O secretário Municipal de Saúde de Rio Branco, Oteniel Almeida, também defendeu a descentralização e destacou como a SEMSA tem atuado. “De 2013 para cá, nós tivemos redução tanto nas transmissões intradomiciliares, graças ao esforço concentrado que a gente vem fazendo no acompanhamento e nos autocuidados, para não haver a transmissão intradomiciliar, como também o aumento no percentual de cura. Portanto, nós saímos em 2013 de um percentual de cura de aproximadamente 84% para 96% em 2018. Isso demonstra um esforço concentrado das ações da Vigilância Epidemiológica do município, mesmo que ainda não tenha havido a descentralização do programa de hanseníase nos municípios. É um avanço e [a descentralização] precisa ser pactuada com o governo do estado e com os municípios”, disse Almeida.
Em 2018, o Brasil apresentou 27.434 casos novos de hanseníase, enquanto o Acre apresentou 132 casos da doença no mesmo período.
Homenagem
O Ato Solene marcou também a entrega de Moção de Aplauso à dona Terezinha Prudêncio da Silva, pelos serviços prestados por ela e pela entidade ao longo dos anos. Co-fundadora do Morhan ao lado do marido Bacurau (em memória), Dona Terezinha abraçou a causa no fim da década de 1980 e, desde então, segue desenvolvendo ações de conscientização e apoio àqueles que foram acometidos pela doença. Para ela, o debate levantado na Câmara Municipal é de extrema importância para fortalecer ainda mais o trabalho realizado até aqui.
“É com meu coração cheio de emoção que hoje estou aqui. Eu quero agradecer ao doutor Jakson que nunca esquece do Morhan e [agradecer também] a todos. Nós queremos agradecer de coração, porque o Morhan precisa avançar e [a entidade] tem um trabalho muito árduo e precisa de todos unidos, pois estamos sonhando que um dia se acabe com a hanseníase mas, para que isso aconteça, precisamos da união de todos, porque sem a força de todos não vai. Temos que ter parceria com todos”, enfatizou Terezinha.
Também marcaram presença no ato o representante do Morhan Nacional, Elson Dias, a gerente Estadual de Vigilância Epidemiológica Antonia Gerines e o coordenador da Área Técnica da Hanseníase no Município de Rio Branco, Wemerson Oliveira.
Programação
Com apoio da Câmara de Vereadores, da Secretaria Municipal de Saúde e Ministério Público Estadual, o Morhan realiza nesta quarta-feira, 26, o Encontro Intersetorial sobre prevenção, diagnóstico e tratamento da hanseníase. A atividade será realizada das 8h30 às 12h, na sede do MPAC localizada na Rua Marechal Deodoro, 472.
A Hanseníase
A hanseníase é uma doença infecciosa, de evolução crônica (muito longa) causada pelo Mycobacterium Leprae, microorganismo que acomete principalmente a pele e os nervos das extremidades do corpo. A doença tem um passado triste, de discriminação e isolamento dos doentes, que hoje já não existe e nem é necessário, pois a doença pode ser tratada e curada.
Transmissão
A Hanseníase é transmissível através da respiração. Mas esse contágio tem algumas características especiais: a pessoa, com a doença, sem tratamento e na forma transmissível da doença, tem um convívio prolongado com esse indivíduo. Tão logo seja iniciado o tratamento a doença deixa de ser transmissível. É por isso que é importante diagnosticar a doença logo no início.
Ninguém que tenha a doença precisa se afastar da sociedade, nem deixar de trabalhar ou ficar perto de sua família.

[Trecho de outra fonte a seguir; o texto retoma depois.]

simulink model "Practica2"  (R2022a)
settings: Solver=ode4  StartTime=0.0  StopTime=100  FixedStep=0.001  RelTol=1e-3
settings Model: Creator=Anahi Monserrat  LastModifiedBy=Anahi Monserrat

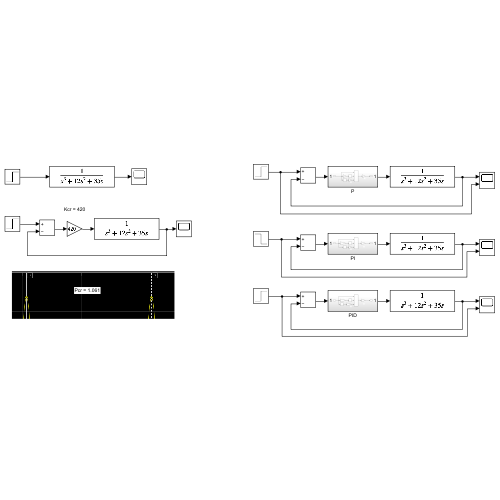
[thumbnail: Simulink's stored preview of the top-level diagram]
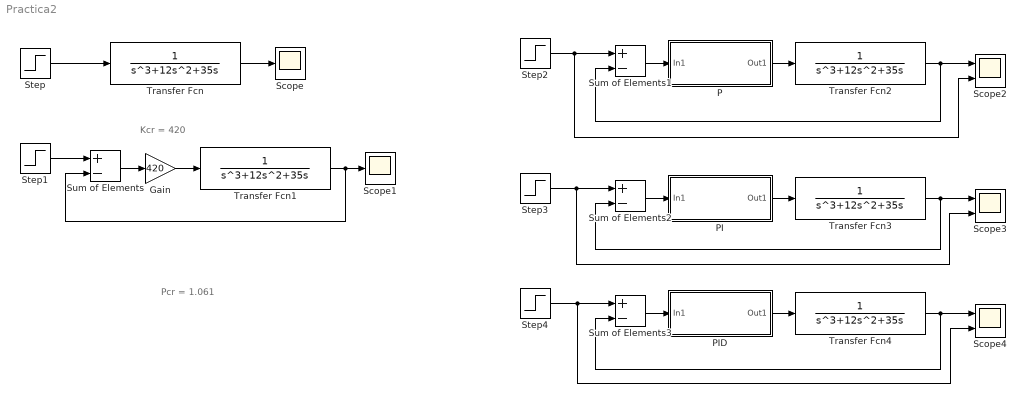
== system Practica2 ==
  note: Pcr = 1.061
  note: Kcr = 420
  Gain : Gain  Gain=420
  P : Subsystem
  PI : Subsystem
  PID : Subsystem
  Scope : Scope
  Scope1 : Scope
  Scope2 : Scope  NumInputPorts=2
  Scope3 : Scope  NumInputPorts=2
  Scope4 : Scope  NumInputPorts=2
  Step : Step  Time=0  SampleTime=0
  Step1 : Step  Time=0  SampleTime=0
  Step2 : Step  Time=10  SampleTime=0
  Step3 : Step  After=-5  SampleTime=0
  Step4 : Step  Time=0  SampleTime=0
  Sum of Elements{,1..3} (4 alike) : Sum  Inputs=+-
  Transfer Fcn{,1..4} (5 alike) : TransferFcn  Denominator=[1 12 35 0]
  wires:
  Step2/1 -> Scope2/2, Sum of Elements1/1
  Step3/1 -> Scope3/2, Sum of Elements2/1
  Transfer Fcn3/1 -> Sum of Elements2/2, Scope3/1
  Sum of Elements/1 -> Gain/1
  PI/1(Out1) -> Transfer Fcn3/1
  Gain/1 -> Transfer Fcn1/1
  Transfer Fcn2/1 -> Scope2/1, Sum of Elements1/2
  P/1(Out1) -> Transfer Fcn2/1
  PID/1(Out1) -> Transfer Fcn4/1
  Sum of Elements3/1 -> PID/1(In1)
  Step4/1 -> Scope4/2, Sum of Elements3/1
  Sum of Elements2/1 -> PI/1(In1)
  Transfer Fcn4/1 -> Scope4/1, Sum of Elements3/2
  Transfer Fcn1/1 -> Sum of Elements/2, Scope1/1
  Step1/1 -> Sum of Elements/1
  Sum of Elements1/1 -> P/1(In1)
  Step/1 -> Transfer Fcn/1
  Transfer Fcn/1 -> Scope/1

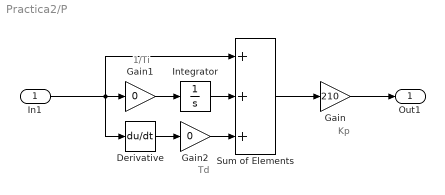
== system Practica2/P ==
  note: Kp
  note: Td
  note: 1/Ti
  In1 : Inport
  Derivative : Derivative
  Gain : Gain  Gain=210
  Gain1 : Gain  Gain=0
  Gain2 : Gain  Gain=0
  Integrator : Integrator
  Sum of Elements : Sum  Inputs=+++
  Out1 : Outport
  wires:
  Sum of Elements/1 -> Gain/1
  In1/1 -> Derivative/1, Sum of Elements/1, Gain1/1
  Integrator/1 -> Sum of Elements/2
  Gain1/1 -> Integrator/1
  Gain/1 -> Out1/1
  Derivative/1 -> Gain2/1
  Gain2/1 -> Sum of Elements/3

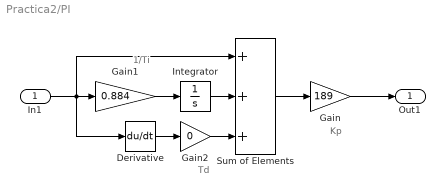
== system Practica2/PI ==
  note: Kp
  note: 1/Ti
  note: Td
  In1 : Inport
  Derivative : Derivative
  Gain : Gain  Gain=189
  Gain1 : Gain  Gain=0.884
  Gain2 : Gain  Gain=0
  Integrator : Integrator
  Sum of Elements : Sum  Inputs=+++
  Out1 : Outport
  wires:
  Gain2/1 -> Sum of Elements/3
  Derivative/1 -> Gain2/1
  Gain/1 -> Out1/1
  Gain1/1 -> Integrator/1
  Integrator/1 -> Sum of Elements/2
  Sum of Elements/1 -> Gain/1
  In1/1 -> Sum of Elements/1, Derivative/1, Gain1/1

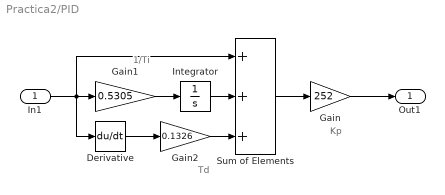
== system Practica2/PID ==
  note: Td
  note: 1/Ti
  note: Kp
  In1 : Inport
  Derivative : Derivative
  Gain : Gain  Gain=252
  Gain1 : Gain  Gain=0.5305
  Gain2 : Gain  Gain=0.1326
  Integrator : Integrator
  Sum of Elements : Sum  Inputs=+++
  Out1 : Outport
  wires:
  In1/1 -> Gain1/1, Derivative/1, Sum of Elements/1
  Sum of Elements/1 -> Gain/1
  Integrator/1 -> Sum of Elements/2
  Gain1/1 -> Integrator/1
  Gain/1 -> Out1/1
  Derivative/1 -> Gain2/1
  Gain2/1 -> Sum of Elements/3

A maioria da população adulta é resistente à hanseníase, mas as crianças são mais susceptíveis, geralmente adquirindo a doença quando há um paciente contaminante na família. O período de incubação varia de 2 a 7 anos e entre os fatores predisponentes estão o baixo nível sócio-econômico, a desnutrição e a superpopulação doméstica.
Devido a isso, a doença ainda tem grande incidência nos países subdesenvolvidos. Mais informações: Telehansen® 0800 – 0262001. (Com informações Assessoria Parlamentar)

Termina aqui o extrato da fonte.